## EXERCISE AIM
All of the data should be copied exactly, with the pictures left out.
═════ THE DATA
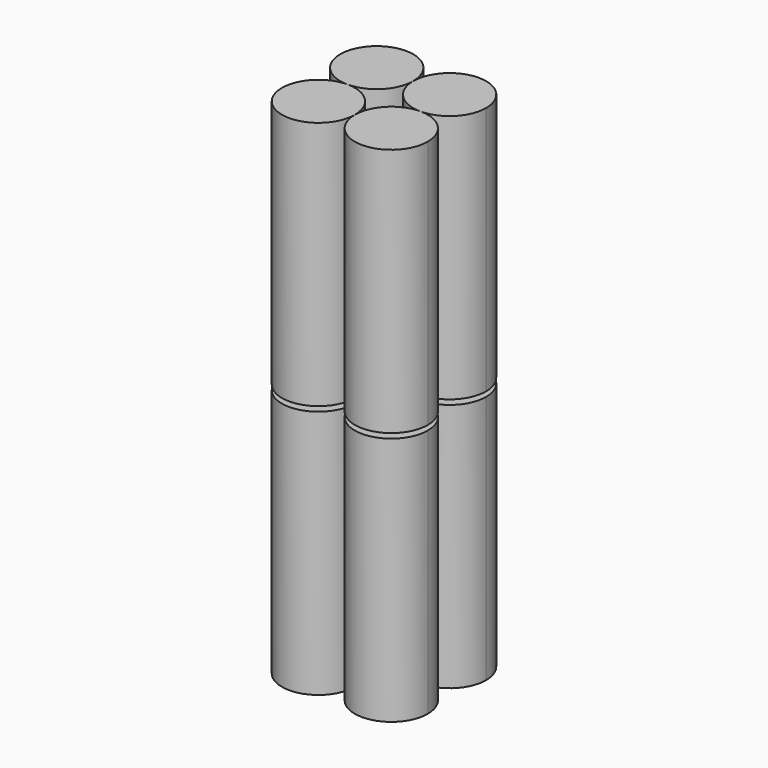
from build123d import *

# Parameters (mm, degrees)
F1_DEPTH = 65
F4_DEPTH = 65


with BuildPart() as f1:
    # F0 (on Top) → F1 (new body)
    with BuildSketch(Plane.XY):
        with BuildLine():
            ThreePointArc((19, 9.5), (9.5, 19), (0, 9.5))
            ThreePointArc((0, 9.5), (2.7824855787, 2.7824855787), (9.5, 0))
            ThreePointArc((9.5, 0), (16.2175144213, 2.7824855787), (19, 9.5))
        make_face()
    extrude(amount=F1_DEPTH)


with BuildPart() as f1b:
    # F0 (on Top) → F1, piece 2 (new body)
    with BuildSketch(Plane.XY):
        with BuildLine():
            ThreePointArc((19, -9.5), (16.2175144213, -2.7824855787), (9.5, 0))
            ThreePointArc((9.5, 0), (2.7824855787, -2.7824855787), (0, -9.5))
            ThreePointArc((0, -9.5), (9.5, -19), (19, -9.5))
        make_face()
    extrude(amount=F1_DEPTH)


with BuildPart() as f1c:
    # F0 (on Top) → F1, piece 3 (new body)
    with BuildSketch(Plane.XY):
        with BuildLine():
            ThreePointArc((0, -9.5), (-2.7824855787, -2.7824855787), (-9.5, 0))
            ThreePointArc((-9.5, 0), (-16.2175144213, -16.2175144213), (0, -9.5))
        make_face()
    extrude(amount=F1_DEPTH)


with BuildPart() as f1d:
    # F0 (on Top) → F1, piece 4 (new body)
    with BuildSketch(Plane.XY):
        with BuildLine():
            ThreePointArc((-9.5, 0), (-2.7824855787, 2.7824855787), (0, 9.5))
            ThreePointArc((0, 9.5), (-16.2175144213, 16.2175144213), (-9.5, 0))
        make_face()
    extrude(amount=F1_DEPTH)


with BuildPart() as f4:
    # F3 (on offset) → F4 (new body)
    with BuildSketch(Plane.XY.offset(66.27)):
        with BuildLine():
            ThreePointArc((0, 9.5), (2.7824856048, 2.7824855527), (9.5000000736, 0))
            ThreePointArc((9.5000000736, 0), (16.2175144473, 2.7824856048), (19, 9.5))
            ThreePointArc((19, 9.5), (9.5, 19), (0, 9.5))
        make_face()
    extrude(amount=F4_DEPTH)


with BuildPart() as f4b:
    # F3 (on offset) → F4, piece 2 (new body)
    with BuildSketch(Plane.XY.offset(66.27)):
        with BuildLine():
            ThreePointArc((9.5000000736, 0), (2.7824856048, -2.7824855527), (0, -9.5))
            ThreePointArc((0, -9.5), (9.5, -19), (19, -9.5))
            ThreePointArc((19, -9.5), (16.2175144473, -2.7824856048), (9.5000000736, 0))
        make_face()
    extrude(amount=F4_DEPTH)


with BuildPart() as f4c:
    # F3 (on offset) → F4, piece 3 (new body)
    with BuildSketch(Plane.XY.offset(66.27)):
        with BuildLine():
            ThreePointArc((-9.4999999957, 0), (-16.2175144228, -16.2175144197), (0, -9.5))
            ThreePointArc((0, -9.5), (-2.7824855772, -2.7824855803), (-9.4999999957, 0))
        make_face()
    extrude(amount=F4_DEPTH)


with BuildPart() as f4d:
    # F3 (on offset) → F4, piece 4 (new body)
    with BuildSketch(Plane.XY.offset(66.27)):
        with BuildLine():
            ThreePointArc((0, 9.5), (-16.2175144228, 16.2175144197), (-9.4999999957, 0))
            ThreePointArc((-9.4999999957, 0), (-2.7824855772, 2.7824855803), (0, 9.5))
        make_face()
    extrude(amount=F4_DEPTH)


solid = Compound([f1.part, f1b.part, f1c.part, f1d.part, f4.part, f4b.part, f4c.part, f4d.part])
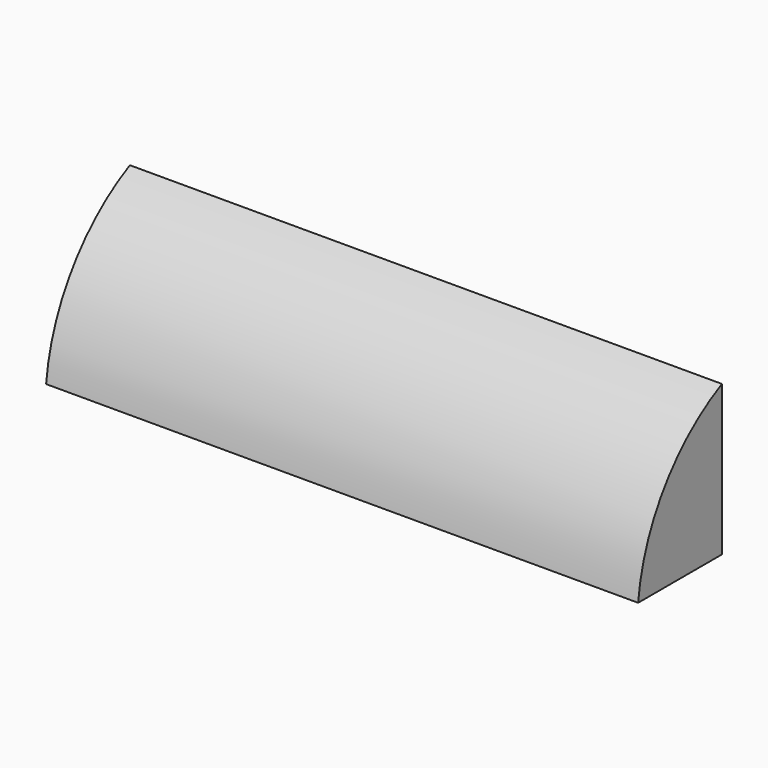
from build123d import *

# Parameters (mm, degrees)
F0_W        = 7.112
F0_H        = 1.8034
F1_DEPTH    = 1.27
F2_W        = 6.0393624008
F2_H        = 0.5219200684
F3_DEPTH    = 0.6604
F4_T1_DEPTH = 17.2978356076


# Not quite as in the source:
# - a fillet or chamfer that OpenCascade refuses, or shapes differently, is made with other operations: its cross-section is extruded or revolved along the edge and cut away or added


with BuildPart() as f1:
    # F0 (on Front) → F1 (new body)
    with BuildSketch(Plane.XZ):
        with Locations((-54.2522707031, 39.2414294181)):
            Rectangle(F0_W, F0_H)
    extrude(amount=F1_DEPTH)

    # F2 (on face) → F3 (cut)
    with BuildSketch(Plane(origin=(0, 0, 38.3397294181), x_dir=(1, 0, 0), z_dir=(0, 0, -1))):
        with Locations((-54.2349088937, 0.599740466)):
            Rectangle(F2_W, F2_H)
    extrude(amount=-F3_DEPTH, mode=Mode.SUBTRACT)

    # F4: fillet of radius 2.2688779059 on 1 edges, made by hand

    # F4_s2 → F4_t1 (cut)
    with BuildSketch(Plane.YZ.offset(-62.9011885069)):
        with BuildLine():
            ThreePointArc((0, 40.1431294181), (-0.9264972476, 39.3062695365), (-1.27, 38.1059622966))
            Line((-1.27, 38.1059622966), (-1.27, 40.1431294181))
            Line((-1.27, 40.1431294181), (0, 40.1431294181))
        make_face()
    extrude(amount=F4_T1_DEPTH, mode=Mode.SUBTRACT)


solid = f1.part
══════════
## PROBLEM SOLUTION
from build123d import *

# Parameters (mm, degrees)
F1_DEPTH = 65
F4_DEPTH = 65


with BuildPart() as f1:
    # F0 (on Top) → F1 (new body)
    with BuildSketch(Plane.XY):
        with BuildLine():
            ThreePointArc((19, 9.5), (9.5, 19), (0, 9.5))
            ThreePointArc((0, 9.5), (2.7824855787, 2.7824855787), (9.5, 0))
            ThreePointArc((9.5, 0), (16.2175144213, 2.7824855787), (19, 9.5))
        make_face()
    extrude(amount=F1_DEPTH)


with BuildPart() as f1b:
    # F0 (on Top) → F1, piece 2 (new body)
    with BuildSketch(Plane.XY):
        with BuildLine():
            ThreePointArc((19, -9.5), (16.2175144213, -2.7824855787), (9.5, 0))
            ThreePointArc((9.5, 0), (2.7824855787, -2.7824855787), (0, -9.5))
            ThreePointArc((0, -9.5), (9.5, -19), (19, -9.5))
        make_face()
    extrude(amount=F1_DEPTH)


with BuildPart() as f1c:
    # F0 (on Top) → F1, piece 3 (new body)
    with BuildSketch(Plane.XY):
        with BuildLine():
            ThreePointArc((0, -9.5), (-2.7824855787, -2.7824855787), (-9.5, 0))
            ThreePointArc((-9.5, 0), (-16.2175144213, -16.2175144213), (0, -9.5))
        make_face()
    extrude(amount=F1_DEPTH)


with BuildPart() as f1d:
    # F0 (on Top) → F1, piece 4 (new body)
    with BuildSketch(Plane.XY):
        with BuildLine():
            ThreePointArc((-9.5, 0), (-2.7824855787, 2.7824855787), (0, 9.5))
            ThreePointArc((0, 9.5), (-16.2175144213, 16.2175144213), (-9.5, 0))
        make_face()
    extrude(amount=F1_DEPTH)


with BuildPart() as f4:
    # F3 (on offset) → F4 (new body)
    with BuildSketch(Plane.XY.offset(66.27)):
        with BuildLine():
            ThreePointArc((0, 9.5), (2.7824856048, 2.7824855527), (9.5000000736, 0))
            ThreePointArc((9.5000000736, 0), (16.2175144473, 2.7824856048), (19, 9.5))
            ThreePointArc((19, 9.5), (9.5, 19), (0, 9.5))
        make_face()
    extrude(amount=F4_DEPTH)


with BuildPart() as f4b:
    # F3 (on offset) → F4, piece 2 (new body)
    with BuildSketch(Plane.XY.offset(66.27)):
        with BuildLine():
            ThreePointArc((9.5000000736, 0), (2.7824856048, -2.7824855527), (0, -9.5))
            ThreePointArc((0, -9.5), (9.5, -19), (19, -9.5))
            ThreePointArc((19, -9.5), (16.2175144473, -2.7824856048), (9.5000000736, 0))
        make_face()
    extrude(amount=F4_DEPTH)


with BuildPart() as f4c:
    # F3 (on offset) → F4, piece 3 (new body)
    with BuildSketch(Plane.XY.offset(66.27)):
        with BuildLine():
            ThreePointArc((-9.4999999957, 0), (-16.2175144228, -16.2175144197), (0, -9.5))
            ThreePointArc((0, -9.5), (-2.7824855772, -2.7824855803), (-9.4999999957, 0))
        make_face()
    extrude(amount=F4_DEPTH)


with BuildPart() as f4d:
    # F3 (on offset) → F4, piece 4 (new body)
    with BuildSketch(Plane.XY.offset(66.27)):
        with BuildLine():
            ThreePointArc((0, 9.5), (-16.2175144228, 16.2175144197), (-9.4999999957, 0))
            ThreePointArc((-9.4999999957, 0), (-2.7824855772, 2.7824855803), (0, 9.5))
        make_face()
    extrude(amount=F4_DEPTH)


solid = Compound([f1.part, f1b.part, f1c.part, f1d.part, f4.part, f4b.part, f4c.part, f4d.part])
from build123d import *

# Parameters (mm, degrees)
F0_W        = 7.112
F0_H        = 1.8034
F1_DEPTH    = 1.27
F2_W        = 6.0393624008
F2_H        = 0.5219200684
F3_DEPTH    = 0.6604
F4_T1_DEPTH = 17.2978356076


# Not quite as in the source:
# - a fillet or chamfer that OpenCascade refuses, or shapes differently, is made with other operations: its cross-section is extruded or revolved along the edge and cut away or added


with BuildPart() as f1:
    # F0 (on Front) → F1 (new body)
    with BuildSketch(Plane.XZ):
        with Locations((-54.2522707031, 39.2414294181)):
            Rectangle(F0_W, F0_H)
    extrude(amount=F1_DEPTH)

    # F2 (on face) → F3 (cut)
    with BuildSketch(Plane(origin=(0, 0, 38.3397294181), x_dir=(1, 0, 0), z_dir=(0, 0, -1))):
        with Locations((-54.2349088937, 0.599740466)):
            Rectangle(F2_W, F2_H)
    extrude(amount=-F3_DEPTH, mode=Mode.SUBTRACT)

    # F4: fillet of radius 2.2688779059 on 1 edges, made by hand

    # F4_s2 → F4_t1 (cut)
    with BuildSketch(Plane.YZ.offset(-62.9011885069)):
        with BuildLine():
            ThreePointArc((0, 40.1431294181), (-0.9264972476, 39.3062695365), (-1.27, 38.1059622966))
            Line((-1.27, 38.1059622966), (-1.27, 40.1431294181))
            Line((-1.27, 40.1431294181), (0, 40.1431294181))
        make_face()
    extrude(amount=F4_T1_DEPTH, mode=Mode.SUBTRACT)


solid = f1.part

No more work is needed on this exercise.